What to work on
Retype, without any change, the first line of the records and every line after it through the one containing "V_Kp = 5000".

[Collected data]
*** Begin section ***

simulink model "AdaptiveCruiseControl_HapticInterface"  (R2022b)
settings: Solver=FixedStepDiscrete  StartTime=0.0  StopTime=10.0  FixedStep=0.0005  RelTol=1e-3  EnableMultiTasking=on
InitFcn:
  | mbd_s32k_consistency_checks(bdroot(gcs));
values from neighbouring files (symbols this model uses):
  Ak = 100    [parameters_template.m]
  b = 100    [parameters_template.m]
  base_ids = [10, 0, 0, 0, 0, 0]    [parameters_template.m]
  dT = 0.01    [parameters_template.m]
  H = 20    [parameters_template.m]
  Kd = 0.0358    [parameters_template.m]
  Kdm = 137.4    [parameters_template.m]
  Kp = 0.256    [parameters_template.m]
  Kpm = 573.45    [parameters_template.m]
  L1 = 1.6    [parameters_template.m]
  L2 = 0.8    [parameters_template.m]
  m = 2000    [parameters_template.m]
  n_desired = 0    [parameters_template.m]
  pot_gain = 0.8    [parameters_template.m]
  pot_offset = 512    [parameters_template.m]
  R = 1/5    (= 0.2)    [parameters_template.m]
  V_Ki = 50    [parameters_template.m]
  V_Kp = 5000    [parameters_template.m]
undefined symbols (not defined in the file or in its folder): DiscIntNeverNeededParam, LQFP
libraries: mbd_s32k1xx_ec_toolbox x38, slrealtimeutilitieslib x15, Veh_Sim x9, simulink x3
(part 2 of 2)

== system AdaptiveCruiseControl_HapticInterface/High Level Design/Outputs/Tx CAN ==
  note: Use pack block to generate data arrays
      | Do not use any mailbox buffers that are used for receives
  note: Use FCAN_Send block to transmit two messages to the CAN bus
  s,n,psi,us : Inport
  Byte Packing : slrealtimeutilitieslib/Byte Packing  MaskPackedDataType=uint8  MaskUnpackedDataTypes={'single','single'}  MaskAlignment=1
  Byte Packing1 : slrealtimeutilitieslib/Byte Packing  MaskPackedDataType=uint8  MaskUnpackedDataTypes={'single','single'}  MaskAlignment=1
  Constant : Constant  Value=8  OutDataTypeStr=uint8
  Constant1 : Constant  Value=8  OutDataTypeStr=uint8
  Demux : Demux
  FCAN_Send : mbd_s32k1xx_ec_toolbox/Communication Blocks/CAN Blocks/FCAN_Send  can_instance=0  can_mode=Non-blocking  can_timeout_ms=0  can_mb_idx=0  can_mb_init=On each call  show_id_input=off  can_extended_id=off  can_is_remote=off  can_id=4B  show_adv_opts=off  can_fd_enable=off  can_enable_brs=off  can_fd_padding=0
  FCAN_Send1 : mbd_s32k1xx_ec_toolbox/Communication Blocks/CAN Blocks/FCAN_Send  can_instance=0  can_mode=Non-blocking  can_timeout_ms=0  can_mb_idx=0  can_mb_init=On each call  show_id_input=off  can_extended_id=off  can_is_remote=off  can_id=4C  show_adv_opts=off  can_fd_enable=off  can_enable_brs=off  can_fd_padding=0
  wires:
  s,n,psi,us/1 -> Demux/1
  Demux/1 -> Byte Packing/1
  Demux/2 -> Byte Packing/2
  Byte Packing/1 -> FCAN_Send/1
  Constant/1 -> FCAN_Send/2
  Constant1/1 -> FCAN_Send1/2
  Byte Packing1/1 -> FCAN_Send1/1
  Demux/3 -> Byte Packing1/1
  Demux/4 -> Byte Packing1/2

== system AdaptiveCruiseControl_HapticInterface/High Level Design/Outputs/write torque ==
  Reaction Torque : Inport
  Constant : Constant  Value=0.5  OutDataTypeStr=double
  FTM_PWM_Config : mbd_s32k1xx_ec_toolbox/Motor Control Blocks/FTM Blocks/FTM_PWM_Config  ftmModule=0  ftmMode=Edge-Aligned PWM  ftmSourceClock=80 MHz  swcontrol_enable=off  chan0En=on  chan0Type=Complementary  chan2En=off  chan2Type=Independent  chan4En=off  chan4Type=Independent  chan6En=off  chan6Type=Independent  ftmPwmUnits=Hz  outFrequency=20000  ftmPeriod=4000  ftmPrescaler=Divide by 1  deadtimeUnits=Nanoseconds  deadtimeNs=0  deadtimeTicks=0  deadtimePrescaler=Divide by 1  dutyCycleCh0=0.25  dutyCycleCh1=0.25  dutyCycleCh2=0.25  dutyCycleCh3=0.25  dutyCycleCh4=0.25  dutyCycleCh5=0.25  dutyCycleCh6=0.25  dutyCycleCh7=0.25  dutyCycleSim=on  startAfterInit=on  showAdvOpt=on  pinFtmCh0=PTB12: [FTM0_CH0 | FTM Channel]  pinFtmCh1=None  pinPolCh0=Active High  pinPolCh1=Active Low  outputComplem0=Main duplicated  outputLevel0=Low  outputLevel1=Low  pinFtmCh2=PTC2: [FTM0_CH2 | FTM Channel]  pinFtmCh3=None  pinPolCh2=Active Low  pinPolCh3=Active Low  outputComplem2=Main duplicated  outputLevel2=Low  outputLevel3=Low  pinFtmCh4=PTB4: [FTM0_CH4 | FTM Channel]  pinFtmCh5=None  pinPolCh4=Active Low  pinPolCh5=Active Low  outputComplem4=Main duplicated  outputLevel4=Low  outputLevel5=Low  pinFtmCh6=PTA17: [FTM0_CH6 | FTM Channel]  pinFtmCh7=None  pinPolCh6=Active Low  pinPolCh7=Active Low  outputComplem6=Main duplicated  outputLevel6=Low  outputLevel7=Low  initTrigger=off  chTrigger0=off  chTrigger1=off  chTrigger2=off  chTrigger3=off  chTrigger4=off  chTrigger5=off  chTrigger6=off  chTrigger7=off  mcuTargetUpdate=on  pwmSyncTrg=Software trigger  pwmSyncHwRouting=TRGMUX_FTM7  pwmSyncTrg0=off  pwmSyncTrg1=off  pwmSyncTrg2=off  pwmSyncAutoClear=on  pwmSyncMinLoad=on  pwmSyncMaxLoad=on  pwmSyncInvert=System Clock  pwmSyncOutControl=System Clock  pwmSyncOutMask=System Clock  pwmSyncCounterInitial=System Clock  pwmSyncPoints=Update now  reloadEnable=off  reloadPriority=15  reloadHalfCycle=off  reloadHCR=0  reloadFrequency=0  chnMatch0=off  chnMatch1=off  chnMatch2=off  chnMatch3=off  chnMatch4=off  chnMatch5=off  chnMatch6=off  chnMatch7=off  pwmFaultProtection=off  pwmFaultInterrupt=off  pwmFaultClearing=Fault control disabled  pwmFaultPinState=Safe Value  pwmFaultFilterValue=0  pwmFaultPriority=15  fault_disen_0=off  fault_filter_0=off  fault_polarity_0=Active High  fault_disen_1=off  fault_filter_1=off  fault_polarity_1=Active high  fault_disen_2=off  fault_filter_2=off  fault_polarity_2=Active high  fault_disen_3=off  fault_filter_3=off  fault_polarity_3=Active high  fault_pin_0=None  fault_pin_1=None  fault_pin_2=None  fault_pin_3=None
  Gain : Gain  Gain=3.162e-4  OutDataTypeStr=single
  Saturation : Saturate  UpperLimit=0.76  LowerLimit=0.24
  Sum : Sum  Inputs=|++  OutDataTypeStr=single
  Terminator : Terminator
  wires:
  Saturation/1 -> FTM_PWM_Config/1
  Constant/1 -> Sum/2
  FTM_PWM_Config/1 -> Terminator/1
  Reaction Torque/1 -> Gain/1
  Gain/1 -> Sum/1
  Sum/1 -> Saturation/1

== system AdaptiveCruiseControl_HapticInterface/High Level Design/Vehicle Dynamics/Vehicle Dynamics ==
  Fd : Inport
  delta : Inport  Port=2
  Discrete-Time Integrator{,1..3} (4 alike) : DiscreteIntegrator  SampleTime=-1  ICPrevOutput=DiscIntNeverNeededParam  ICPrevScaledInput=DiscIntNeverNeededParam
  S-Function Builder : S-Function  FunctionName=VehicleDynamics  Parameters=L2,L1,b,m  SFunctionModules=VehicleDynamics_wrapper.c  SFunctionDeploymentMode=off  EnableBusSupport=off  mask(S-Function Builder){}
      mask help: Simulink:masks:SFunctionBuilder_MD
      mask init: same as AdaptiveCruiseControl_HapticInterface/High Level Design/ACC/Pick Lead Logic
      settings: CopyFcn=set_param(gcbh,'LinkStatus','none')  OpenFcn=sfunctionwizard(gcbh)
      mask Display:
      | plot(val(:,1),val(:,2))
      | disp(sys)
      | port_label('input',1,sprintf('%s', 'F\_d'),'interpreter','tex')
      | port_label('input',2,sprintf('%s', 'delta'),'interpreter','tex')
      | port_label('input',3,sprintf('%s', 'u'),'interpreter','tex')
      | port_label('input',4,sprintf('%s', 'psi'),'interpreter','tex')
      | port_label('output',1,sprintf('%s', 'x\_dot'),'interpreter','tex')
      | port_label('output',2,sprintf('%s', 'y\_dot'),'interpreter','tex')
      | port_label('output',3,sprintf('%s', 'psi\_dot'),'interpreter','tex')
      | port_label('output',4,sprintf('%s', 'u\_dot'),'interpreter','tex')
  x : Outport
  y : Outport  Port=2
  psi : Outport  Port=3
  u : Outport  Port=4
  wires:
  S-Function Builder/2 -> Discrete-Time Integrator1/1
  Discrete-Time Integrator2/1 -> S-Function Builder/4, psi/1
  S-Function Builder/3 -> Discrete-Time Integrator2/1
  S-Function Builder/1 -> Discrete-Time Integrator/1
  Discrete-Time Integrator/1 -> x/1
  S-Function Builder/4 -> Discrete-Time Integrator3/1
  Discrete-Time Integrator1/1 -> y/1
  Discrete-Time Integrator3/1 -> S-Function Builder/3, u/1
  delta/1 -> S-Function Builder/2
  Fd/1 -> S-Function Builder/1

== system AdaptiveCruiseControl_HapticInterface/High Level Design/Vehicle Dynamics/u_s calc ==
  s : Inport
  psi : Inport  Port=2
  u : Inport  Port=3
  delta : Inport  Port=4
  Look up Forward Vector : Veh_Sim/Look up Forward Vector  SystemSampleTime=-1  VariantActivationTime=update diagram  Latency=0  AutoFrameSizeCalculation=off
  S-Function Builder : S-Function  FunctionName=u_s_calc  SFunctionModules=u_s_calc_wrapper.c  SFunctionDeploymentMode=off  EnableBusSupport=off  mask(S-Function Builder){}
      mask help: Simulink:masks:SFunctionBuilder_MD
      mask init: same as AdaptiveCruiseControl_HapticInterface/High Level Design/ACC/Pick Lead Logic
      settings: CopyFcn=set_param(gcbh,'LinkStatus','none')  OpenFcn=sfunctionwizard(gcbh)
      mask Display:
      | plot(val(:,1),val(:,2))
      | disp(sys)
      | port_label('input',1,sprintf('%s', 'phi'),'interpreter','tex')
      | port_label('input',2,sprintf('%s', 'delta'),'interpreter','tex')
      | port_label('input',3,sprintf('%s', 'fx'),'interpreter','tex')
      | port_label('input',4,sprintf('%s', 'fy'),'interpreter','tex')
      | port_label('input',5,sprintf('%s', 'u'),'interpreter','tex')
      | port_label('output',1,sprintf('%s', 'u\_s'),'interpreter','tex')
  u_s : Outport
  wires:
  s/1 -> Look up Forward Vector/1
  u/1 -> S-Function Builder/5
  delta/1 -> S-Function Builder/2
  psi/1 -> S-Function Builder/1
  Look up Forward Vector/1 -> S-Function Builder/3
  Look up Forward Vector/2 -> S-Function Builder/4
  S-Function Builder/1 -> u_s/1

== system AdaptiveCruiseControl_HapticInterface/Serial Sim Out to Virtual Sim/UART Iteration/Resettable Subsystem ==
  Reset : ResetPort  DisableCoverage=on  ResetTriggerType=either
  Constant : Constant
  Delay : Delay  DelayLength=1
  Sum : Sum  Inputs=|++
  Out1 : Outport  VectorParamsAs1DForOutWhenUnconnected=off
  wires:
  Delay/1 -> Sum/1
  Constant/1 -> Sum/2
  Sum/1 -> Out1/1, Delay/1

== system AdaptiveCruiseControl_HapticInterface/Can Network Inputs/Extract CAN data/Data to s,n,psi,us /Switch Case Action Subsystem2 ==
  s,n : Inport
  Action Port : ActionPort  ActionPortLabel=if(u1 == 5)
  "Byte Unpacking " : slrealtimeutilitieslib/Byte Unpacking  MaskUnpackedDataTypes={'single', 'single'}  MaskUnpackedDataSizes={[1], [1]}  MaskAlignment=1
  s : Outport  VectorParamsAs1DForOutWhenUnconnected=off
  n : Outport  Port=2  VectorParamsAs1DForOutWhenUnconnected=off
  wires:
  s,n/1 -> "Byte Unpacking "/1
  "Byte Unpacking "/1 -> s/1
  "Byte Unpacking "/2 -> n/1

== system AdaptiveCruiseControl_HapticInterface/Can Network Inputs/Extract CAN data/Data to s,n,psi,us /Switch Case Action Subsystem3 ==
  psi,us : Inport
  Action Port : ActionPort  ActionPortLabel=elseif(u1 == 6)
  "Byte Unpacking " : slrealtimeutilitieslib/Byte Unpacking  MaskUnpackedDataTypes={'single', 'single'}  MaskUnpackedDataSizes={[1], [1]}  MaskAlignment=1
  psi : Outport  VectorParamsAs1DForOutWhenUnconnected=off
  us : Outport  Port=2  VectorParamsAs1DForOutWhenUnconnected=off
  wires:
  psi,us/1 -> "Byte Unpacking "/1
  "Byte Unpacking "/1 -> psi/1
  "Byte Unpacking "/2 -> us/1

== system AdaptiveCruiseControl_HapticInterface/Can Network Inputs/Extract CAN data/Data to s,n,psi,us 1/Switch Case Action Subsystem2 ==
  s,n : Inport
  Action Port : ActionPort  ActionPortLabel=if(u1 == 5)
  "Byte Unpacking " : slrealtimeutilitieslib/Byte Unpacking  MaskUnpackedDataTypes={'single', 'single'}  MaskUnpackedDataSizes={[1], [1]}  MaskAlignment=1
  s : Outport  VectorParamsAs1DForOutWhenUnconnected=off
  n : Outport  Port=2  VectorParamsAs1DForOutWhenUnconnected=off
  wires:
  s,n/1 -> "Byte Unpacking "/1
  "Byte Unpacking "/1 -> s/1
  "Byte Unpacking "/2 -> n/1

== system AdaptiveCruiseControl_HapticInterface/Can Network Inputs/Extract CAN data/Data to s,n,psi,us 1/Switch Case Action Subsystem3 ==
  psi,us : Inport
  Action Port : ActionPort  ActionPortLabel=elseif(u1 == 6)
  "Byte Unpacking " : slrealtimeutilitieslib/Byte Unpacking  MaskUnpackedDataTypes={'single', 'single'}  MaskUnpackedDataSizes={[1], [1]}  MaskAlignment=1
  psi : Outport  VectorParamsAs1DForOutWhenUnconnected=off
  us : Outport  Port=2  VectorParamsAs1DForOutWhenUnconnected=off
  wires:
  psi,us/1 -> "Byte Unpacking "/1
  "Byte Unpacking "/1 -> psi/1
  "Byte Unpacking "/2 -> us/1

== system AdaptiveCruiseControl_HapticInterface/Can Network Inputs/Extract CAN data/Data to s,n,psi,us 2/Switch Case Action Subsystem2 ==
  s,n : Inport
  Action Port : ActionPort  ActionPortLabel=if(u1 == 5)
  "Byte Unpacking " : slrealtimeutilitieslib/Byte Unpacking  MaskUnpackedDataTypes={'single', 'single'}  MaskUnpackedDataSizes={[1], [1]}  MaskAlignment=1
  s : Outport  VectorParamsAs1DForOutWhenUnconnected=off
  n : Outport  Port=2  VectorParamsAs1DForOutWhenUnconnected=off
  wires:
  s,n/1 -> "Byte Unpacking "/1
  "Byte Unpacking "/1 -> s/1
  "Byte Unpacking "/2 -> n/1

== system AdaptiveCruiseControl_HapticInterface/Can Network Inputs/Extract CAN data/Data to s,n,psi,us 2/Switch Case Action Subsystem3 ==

*** End section ***

Solution to the exercise
simulink model "AdaptiveCruiseControl_HapticInterface"  (R2022b)
settings: Solver=FixedStepDiscrete  StartTime=0.0  StopTime=10.0  FixedStep=0.0005  RelTol=1e-3  EnableMultiTasking=on
InitFcn:
  | mbd_s32k_consistency_checks(bdroot(gcs));
values from neighbouring files (symbols this model uses):
  Ak = 100    [parameters_template.m]
  b = 100    [parameters_template.m]
  base_ids = [10, 0, 0, 0, 0, 0]    [parameters_template.m]
  dT = 0.01    [parameters_template.m]
  H = 20    [parameters_template.m]
  Kd = 0.0358    [parameters_template.m]
  Kdm = 137.4    [parameters_template.m]
  Kp = 0.256    [parameters_template.m]
  Kpm = 573.45    [parameters_template.m]
  L1 = 1.6    [parameters_template.m]
  L2 = 0.8    [parameters_template.m]
  m = 2000    [parameters_template.m]
  n_desired = 0    [parameters_template.m]
  pot_gain = 0.8    [parameters_template.m]
  pot_offset = 512    [parameters_template.m]
  R = 1/5    (= 0.2)    [parameters_template.m]
  V_Ki = 50    [parameters_template.m]
  V_Kp = 5000    [parameters_template.m]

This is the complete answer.